[Records drawn from a dataset]
_ _ _ _ _ _ _
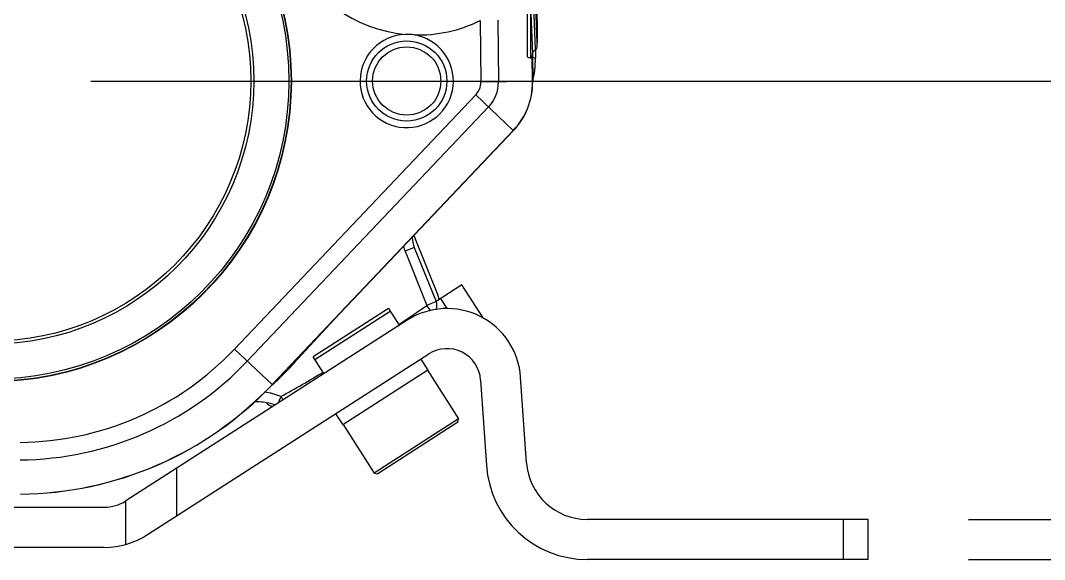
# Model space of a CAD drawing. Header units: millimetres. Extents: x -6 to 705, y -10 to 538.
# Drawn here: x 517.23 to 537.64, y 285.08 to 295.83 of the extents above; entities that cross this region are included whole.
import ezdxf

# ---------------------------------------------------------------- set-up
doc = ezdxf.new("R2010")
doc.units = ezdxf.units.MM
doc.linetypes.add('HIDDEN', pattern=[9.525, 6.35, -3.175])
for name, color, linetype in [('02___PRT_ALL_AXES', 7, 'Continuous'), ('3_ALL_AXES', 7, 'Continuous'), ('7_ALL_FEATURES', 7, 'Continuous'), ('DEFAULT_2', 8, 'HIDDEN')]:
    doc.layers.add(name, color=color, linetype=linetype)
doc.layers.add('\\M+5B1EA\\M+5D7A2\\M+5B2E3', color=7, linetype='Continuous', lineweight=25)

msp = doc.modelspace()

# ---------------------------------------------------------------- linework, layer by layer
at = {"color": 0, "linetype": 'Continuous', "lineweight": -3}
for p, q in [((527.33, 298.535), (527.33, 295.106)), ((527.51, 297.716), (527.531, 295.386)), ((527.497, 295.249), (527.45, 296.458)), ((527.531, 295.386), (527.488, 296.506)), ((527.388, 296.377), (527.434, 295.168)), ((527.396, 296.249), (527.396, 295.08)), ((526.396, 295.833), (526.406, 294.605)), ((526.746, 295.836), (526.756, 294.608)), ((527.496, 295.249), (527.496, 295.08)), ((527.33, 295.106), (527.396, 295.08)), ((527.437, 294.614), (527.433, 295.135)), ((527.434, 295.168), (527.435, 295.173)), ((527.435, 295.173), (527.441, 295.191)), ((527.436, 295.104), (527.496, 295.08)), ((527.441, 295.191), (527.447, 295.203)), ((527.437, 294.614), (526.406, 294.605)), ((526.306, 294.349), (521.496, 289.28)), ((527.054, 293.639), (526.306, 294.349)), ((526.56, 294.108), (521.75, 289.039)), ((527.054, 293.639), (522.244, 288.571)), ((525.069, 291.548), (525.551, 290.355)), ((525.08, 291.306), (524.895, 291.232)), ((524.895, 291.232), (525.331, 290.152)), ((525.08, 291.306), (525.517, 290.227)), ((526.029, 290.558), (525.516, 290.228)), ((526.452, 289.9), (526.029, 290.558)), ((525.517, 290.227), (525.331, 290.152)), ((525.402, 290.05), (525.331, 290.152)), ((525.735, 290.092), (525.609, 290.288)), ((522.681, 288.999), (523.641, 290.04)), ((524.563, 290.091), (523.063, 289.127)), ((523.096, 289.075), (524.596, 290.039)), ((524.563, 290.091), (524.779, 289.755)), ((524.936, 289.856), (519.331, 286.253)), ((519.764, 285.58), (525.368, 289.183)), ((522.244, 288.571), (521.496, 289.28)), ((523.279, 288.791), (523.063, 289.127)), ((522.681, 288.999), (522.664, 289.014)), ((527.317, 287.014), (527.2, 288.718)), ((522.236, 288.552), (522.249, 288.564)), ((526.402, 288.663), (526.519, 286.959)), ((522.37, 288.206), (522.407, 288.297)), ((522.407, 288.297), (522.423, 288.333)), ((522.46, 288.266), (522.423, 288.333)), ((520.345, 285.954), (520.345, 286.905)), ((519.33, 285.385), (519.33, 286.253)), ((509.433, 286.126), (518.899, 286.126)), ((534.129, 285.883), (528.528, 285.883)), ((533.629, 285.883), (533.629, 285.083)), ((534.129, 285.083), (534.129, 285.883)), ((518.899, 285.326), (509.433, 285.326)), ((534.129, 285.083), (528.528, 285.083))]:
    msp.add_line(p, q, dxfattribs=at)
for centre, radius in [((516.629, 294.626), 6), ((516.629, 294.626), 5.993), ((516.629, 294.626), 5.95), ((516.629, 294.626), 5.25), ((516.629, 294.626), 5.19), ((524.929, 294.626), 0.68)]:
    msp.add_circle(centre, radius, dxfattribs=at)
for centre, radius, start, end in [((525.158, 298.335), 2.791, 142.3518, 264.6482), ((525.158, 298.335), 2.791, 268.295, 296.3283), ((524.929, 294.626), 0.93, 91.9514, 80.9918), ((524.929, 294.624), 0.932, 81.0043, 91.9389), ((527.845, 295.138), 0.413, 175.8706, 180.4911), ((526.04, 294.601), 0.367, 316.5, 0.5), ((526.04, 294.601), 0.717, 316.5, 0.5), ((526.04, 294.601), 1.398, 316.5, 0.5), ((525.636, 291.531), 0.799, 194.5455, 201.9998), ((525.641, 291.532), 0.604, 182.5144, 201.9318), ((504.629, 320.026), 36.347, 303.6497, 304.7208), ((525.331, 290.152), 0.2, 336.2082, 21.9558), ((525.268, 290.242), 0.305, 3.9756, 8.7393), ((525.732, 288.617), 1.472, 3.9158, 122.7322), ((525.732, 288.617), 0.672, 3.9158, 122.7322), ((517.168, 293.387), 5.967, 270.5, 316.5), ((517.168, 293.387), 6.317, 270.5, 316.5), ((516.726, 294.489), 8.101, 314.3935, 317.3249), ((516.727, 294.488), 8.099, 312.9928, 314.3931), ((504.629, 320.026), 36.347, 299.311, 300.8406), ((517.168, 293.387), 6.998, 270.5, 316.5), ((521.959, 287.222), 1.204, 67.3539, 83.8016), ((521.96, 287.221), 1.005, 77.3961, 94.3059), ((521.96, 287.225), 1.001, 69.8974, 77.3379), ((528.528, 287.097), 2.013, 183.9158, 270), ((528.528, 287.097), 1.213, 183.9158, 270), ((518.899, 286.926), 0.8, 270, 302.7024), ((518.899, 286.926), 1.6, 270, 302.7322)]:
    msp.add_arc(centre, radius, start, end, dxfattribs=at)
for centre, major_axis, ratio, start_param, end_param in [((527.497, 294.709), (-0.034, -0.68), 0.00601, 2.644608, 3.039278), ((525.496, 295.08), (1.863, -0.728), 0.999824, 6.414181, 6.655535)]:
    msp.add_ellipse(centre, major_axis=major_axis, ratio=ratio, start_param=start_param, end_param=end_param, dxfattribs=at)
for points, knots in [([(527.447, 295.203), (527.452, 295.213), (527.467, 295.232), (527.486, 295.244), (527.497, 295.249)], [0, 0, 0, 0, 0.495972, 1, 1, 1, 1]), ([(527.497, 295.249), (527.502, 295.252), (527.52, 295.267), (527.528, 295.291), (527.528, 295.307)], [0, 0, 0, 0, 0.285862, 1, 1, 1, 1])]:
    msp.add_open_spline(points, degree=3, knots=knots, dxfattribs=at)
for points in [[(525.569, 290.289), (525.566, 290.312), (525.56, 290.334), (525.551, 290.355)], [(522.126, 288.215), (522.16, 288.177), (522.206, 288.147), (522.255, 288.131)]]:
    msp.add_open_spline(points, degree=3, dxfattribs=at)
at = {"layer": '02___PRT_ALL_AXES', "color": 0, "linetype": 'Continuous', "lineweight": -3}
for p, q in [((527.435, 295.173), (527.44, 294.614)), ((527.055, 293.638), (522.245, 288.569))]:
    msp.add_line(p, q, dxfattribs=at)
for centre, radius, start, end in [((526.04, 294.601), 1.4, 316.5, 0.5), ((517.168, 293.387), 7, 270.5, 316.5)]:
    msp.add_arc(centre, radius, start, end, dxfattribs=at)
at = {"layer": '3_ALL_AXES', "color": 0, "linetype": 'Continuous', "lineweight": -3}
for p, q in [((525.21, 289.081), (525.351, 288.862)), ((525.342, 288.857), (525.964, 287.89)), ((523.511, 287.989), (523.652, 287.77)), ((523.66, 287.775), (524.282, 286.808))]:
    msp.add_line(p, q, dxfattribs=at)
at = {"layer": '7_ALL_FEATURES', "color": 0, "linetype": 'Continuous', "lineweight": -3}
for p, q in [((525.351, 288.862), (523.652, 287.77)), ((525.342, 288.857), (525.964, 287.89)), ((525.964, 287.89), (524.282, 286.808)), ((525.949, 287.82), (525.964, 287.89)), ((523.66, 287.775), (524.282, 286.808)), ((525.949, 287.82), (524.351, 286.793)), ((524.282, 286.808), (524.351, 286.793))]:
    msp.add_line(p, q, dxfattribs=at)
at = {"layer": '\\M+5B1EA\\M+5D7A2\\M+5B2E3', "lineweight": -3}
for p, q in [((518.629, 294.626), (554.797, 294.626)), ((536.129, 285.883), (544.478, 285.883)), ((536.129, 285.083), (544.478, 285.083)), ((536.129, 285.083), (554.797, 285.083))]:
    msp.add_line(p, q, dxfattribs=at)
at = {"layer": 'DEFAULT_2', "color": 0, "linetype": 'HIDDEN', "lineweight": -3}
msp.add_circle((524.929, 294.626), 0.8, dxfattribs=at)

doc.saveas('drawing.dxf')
_ _ _ _ _ _ _
Task objective
Retype only the stretch of lines above starting at the one with "# Drawn here: x" and stopping at the one with "doc.units = ezdxf.units.MM", exactly as written, with both kept.

Task response
# Drawn here: x 517.23 to 537.64, y 285.08 to 295.83 of the extents above; entities that cross this region are included whole.
import ezdxf

# ---------------------------------------------------------------- set-up
doc = ezdxf.new("R2010")
doc.units = ezdxf.units.MM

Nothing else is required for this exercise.